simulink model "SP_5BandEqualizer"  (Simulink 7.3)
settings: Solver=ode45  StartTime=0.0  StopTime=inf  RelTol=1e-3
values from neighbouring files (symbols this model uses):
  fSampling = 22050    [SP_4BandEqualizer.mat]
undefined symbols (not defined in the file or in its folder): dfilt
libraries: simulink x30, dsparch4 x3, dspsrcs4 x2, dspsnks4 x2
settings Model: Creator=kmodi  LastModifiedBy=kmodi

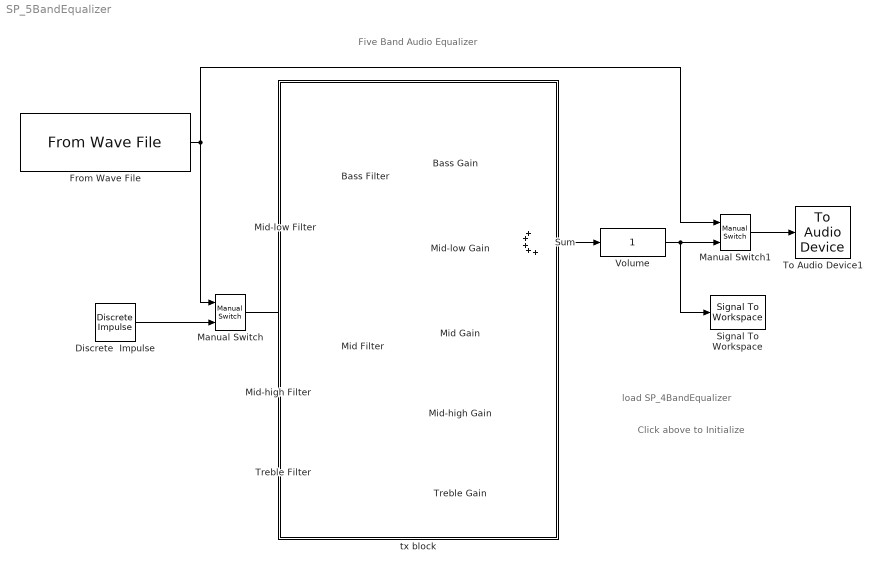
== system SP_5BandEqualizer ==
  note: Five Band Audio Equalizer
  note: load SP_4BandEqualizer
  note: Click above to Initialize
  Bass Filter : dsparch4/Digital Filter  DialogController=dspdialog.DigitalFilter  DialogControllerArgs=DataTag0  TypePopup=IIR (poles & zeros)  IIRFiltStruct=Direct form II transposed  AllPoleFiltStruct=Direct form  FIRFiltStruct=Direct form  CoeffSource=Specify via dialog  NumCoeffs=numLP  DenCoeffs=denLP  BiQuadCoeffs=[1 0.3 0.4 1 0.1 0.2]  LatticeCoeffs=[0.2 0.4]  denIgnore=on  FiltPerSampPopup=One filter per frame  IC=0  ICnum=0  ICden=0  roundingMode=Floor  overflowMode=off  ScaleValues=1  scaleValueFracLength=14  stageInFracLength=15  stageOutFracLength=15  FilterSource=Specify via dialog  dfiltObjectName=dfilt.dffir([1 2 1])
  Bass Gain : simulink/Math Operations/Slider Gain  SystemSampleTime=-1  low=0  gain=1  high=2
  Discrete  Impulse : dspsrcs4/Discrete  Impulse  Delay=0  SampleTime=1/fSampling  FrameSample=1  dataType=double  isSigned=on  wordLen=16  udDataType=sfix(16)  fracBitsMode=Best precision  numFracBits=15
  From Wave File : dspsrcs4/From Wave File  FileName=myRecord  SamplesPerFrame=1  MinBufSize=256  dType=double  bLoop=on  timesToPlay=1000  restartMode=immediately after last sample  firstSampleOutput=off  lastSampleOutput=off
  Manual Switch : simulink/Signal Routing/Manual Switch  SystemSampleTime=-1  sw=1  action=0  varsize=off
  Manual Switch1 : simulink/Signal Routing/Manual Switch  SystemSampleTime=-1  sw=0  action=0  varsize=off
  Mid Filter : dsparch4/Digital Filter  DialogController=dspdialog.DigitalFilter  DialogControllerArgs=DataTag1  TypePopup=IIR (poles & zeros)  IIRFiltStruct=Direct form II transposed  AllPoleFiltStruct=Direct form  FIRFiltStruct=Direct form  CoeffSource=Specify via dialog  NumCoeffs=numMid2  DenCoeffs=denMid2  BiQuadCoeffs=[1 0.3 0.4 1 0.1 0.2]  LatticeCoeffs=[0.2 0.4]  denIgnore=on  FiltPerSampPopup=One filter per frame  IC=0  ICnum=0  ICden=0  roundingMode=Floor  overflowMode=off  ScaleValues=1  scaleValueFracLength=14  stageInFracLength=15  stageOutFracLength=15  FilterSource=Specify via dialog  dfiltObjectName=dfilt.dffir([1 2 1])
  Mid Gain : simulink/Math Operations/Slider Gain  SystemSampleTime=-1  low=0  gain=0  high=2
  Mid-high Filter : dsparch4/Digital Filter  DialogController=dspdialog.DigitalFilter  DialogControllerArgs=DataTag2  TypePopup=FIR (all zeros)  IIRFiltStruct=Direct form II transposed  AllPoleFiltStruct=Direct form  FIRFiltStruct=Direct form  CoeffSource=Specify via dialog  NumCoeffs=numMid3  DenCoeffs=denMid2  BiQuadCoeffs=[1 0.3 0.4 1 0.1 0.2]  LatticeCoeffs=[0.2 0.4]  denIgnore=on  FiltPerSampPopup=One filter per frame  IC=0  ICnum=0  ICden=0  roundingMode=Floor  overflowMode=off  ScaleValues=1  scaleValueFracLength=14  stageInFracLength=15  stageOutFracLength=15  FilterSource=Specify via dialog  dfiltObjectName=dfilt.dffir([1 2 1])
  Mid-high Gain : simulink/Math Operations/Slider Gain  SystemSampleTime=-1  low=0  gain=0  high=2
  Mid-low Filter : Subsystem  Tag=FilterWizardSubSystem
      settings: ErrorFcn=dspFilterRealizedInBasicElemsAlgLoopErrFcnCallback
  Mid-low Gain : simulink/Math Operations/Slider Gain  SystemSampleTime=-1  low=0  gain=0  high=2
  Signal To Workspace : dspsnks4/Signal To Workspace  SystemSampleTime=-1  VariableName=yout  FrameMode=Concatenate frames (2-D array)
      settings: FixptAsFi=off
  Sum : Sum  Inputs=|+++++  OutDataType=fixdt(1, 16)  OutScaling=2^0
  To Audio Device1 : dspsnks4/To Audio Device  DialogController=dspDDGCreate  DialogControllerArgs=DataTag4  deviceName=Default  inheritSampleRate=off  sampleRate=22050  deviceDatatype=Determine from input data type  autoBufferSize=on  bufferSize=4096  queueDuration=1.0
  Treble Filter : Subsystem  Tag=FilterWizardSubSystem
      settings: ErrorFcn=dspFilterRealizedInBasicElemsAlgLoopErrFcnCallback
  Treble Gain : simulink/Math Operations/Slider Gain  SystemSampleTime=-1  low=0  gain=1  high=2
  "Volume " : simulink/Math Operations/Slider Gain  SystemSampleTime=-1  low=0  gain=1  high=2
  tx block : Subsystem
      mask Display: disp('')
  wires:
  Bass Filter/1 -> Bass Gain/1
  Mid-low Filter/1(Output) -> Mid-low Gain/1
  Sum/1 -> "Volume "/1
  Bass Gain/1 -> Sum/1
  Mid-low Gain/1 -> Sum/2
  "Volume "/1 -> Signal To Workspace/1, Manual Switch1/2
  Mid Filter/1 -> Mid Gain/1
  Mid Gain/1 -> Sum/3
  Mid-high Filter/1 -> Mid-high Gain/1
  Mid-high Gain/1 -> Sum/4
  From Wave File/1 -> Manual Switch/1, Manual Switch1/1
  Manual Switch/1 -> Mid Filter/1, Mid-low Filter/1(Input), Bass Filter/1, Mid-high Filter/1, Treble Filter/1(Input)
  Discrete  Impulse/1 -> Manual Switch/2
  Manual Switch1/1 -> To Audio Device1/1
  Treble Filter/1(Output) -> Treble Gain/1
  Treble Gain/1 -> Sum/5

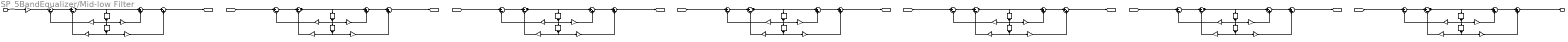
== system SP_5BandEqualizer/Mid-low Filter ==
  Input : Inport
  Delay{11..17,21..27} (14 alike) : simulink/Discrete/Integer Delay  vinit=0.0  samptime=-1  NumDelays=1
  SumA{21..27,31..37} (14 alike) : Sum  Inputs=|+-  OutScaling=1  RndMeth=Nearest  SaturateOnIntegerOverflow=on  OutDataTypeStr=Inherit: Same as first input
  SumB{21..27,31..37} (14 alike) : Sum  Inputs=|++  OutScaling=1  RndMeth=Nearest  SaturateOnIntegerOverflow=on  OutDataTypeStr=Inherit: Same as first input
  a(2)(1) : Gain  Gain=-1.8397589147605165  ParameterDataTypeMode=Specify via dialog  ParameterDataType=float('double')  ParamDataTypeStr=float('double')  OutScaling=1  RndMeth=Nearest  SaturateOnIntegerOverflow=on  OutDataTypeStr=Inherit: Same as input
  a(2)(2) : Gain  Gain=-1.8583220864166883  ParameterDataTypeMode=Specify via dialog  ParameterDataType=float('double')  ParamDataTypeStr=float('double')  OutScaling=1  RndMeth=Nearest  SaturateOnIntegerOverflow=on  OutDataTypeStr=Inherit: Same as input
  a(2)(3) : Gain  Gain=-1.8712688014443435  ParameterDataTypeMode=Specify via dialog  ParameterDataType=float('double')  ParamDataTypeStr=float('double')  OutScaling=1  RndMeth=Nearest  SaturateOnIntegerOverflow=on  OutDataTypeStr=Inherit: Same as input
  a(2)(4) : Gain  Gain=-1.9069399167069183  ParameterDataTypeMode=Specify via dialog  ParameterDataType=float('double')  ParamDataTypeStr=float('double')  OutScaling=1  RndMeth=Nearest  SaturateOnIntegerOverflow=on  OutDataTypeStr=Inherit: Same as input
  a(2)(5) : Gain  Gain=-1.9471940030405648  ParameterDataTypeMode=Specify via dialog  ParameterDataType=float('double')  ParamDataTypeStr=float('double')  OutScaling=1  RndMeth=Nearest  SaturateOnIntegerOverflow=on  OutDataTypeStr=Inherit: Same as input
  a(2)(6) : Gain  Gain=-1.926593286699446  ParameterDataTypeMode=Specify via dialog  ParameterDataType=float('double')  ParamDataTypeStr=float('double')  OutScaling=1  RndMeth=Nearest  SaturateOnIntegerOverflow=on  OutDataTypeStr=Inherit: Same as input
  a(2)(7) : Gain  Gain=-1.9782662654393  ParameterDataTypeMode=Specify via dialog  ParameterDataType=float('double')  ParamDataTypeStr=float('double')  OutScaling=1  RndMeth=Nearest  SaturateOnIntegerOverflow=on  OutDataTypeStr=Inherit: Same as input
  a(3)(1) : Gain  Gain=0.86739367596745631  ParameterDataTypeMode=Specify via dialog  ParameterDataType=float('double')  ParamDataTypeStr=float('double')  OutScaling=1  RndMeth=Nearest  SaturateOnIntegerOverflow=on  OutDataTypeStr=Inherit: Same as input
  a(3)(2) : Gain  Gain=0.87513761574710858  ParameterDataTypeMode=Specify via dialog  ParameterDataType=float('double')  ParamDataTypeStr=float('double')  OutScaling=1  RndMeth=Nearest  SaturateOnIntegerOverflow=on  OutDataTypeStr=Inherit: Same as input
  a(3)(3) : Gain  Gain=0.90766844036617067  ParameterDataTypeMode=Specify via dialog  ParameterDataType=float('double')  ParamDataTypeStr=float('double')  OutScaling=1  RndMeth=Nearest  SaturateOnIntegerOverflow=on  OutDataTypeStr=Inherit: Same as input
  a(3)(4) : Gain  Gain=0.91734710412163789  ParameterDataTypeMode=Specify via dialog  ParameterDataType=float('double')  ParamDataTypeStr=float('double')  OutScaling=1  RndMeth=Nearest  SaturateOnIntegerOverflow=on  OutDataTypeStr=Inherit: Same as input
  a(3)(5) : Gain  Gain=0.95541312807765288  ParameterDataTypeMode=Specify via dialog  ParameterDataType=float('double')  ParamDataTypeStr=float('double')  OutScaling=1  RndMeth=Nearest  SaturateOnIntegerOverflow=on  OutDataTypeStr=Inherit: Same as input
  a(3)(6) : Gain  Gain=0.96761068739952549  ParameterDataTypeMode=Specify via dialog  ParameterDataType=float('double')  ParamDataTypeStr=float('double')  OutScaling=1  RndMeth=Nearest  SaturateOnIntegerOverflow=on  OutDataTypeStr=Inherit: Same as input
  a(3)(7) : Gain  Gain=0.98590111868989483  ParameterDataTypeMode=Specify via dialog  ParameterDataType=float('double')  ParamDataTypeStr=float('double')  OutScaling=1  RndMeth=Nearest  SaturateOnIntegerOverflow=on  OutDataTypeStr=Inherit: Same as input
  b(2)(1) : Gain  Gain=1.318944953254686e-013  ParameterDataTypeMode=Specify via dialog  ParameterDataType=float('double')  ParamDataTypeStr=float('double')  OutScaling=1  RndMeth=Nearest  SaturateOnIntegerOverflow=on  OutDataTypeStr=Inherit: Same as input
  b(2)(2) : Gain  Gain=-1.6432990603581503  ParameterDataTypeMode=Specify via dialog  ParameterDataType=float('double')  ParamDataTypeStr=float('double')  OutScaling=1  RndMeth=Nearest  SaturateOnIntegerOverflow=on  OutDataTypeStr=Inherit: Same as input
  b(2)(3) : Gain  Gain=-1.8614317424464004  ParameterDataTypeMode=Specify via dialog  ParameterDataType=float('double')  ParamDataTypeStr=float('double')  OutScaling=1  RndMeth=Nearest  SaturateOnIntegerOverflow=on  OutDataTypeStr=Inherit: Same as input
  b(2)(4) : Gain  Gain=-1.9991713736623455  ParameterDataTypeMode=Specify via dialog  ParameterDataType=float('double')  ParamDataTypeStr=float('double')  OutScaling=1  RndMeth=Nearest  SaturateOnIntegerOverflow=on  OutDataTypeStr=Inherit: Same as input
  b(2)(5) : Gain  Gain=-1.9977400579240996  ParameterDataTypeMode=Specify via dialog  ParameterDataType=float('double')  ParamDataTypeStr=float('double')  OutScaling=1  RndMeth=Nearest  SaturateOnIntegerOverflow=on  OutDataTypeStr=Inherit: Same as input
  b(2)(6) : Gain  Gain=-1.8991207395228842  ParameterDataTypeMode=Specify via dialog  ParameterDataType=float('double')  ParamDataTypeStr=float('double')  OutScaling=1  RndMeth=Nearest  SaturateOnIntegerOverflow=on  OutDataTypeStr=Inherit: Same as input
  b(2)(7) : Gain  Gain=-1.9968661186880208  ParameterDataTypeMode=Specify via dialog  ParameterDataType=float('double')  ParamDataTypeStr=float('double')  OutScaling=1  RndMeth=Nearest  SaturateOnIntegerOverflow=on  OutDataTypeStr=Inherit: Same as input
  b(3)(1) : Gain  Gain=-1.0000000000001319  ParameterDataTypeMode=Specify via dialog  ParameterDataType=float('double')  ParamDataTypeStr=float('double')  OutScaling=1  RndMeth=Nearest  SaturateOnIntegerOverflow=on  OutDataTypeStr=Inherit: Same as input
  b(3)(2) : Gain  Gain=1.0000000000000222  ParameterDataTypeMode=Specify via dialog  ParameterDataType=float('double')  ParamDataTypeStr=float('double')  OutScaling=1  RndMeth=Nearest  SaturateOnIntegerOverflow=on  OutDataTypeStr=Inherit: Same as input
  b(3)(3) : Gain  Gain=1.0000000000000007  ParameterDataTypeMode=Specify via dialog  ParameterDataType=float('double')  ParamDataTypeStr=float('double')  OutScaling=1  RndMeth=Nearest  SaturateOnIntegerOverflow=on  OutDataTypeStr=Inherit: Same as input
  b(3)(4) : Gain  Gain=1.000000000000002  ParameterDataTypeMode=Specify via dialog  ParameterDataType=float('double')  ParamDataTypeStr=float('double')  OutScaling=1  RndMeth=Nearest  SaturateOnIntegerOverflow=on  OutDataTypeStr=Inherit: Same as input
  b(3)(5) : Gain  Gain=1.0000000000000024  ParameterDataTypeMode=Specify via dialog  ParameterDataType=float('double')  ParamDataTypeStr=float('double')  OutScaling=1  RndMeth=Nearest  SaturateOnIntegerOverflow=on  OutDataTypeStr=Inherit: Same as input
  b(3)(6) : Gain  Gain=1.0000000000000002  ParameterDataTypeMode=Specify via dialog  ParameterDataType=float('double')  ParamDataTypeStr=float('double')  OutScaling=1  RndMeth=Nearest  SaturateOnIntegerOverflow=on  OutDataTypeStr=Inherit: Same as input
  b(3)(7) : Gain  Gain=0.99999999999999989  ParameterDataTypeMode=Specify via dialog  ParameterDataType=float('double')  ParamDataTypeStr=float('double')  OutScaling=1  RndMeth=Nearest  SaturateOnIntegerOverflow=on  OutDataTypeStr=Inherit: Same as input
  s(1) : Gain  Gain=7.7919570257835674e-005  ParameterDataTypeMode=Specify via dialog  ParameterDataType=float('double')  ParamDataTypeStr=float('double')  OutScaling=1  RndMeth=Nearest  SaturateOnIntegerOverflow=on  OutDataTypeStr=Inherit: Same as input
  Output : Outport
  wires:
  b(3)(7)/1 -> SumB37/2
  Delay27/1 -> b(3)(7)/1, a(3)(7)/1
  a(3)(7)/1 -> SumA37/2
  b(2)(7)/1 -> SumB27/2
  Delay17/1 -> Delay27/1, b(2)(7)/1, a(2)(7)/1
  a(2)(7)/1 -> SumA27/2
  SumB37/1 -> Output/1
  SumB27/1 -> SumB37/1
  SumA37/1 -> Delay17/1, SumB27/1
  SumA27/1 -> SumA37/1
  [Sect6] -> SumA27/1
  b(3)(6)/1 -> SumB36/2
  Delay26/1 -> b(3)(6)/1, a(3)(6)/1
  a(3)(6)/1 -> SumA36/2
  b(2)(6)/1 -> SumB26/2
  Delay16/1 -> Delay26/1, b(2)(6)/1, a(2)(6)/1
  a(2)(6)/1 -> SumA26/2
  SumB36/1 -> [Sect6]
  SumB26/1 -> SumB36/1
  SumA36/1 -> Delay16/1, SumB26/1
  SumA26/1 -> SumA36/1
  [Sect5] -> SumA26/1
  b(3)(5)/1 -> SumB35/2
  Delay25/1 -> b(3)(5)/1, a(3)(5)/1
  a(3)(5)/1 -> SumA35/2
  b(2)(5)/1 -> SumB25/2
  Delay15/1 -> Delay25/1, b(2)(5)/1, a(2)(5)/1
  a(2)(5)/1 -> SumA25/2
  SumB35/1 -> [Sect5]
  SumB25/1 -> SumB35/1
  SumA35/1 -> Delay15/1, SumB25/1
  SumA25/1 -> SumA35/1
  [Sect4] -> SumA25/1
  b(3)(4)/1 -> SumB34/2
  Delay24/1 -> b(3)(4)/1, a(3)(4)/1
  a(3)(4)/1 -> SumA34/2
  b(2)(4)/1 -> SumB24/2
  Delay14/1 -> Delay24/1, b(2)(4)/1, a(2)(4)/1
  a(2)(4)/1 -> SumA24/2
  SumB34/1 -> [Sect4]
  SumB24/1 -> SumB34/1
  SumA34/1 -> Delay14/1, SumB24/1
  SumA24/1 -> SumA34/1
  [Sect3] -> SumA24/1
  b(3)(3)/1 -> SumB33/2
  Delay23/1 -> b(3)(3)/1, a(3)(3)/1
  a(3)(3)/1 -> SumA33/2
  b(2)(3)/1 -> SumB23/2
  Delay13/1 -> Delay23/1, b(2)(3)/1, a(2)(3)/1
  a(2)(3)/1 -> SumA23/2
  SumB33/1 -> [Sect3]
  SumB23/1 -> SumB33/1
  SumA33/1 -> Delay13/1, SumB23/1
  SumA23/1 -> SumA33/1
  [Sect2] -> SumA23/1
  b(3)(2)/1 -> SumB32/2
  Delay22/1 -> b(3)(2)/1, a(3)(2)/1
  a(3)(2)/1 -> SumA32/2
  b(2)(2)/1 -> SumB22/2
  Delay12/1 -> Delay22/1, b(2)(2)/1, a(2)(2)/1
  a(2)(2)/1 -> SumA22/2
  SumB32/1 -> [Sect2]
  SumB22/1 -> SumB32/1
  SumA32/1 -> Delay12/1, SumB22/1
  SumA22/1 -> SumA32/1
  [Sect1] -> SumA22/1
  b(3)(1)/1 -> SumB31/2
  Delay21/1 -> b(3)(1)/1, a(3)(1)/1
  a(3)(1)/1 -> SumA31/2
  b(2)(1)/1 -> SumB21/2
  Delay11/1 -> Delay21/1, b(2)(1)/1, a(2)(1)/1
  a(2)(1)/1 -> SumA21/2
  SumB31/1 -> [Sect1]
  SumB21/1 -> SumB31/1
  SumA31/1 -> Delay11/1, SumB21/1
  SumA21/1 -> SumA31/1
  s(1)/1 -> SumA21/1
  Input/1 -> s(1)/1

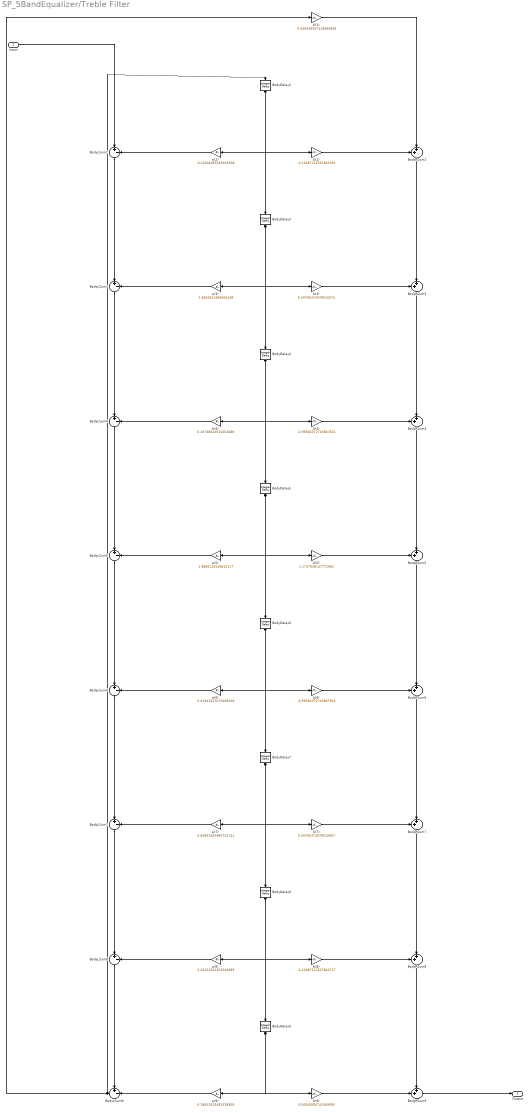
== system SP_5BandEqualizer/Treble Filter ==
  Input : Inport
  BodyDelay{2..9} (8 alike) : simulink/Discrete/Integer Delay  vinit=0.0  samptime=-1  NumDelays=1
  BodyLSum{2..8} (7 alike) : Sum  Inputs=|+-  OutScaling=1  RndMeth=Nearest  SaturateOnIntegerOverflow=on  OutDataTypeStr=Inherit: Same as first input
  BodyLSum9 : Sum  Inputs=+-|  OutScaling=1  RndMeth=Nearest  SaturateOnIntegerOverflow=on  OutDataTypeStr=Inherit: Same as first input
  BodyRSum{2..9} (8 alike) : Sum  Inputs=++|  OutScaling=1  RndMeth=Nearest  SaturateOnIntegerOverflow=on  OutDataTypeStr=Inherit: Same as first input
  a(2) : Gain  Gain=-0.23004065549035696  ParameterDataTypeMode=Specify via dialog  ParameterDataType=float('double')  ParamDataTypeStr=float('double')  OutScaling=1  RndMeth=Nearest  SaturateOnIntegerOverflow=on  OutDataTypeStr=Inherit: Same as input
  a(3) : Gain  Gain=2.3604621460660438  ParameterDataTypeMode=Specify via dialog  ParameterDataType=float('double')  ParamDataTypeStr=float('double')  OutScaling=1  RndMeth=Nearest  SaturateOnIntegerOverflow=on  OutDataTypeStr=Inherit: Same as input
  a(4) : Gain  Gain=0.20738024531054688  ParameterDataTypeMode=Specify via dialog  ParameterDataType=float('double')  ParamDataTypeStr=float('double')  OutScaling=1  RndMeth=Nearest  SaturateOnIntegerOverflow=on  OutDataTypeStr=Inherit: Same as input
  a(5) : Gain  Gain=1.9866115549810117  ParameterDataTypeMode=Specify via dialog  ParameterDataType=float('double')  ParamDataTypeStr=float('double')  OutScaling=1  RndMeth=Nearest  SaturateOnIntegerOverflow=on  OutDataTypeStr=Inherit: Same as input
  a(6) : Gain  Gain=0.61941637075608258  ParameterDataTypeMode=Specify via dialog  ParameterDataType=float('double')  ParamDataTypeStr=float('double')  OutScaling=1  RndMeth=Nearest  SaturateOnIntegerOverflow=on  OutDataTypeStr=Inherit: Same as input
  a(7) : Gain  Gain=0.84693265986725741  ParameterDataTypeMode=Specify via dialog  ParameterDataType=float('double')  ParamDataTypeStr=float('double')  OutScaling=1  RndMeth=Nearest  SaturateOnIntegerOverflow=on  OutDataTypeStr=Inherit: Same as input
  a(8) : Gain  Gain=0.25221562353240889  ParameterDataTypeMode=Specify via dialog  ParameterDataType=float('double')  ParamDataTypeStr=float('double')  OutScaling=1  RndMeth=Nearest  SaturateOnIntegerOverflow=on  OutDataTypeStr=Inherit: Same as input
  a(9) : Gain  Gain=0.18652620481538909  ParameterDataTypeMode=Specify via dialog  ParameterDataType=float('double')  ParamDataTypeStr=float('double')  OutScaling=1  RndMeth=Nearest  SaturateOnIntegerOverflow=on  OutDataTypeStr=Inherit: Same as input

=-=-=-=-=

• About this exercise: Range to copy from the records above: the line containing "Treble Filter/1(Output) -> Treble Gain/1" to the line containing "(14 alike) : simulink/Discrete/Integer", both included. Output those lines exactly and only those, skipping pictures.

• Written solution:
  Treble Filter/1(Output) -> Treble Gain/1
  Treble Gain/1 -> Sum/5

== system SP_5BandEqualizer/Mid-low Filter ==
  Input : Inport
  Delay{11..17,21..27} (14 alike) : simulink/Discrete/Integer Delay  vinit=0.0  samptime=-1  NumDelays=1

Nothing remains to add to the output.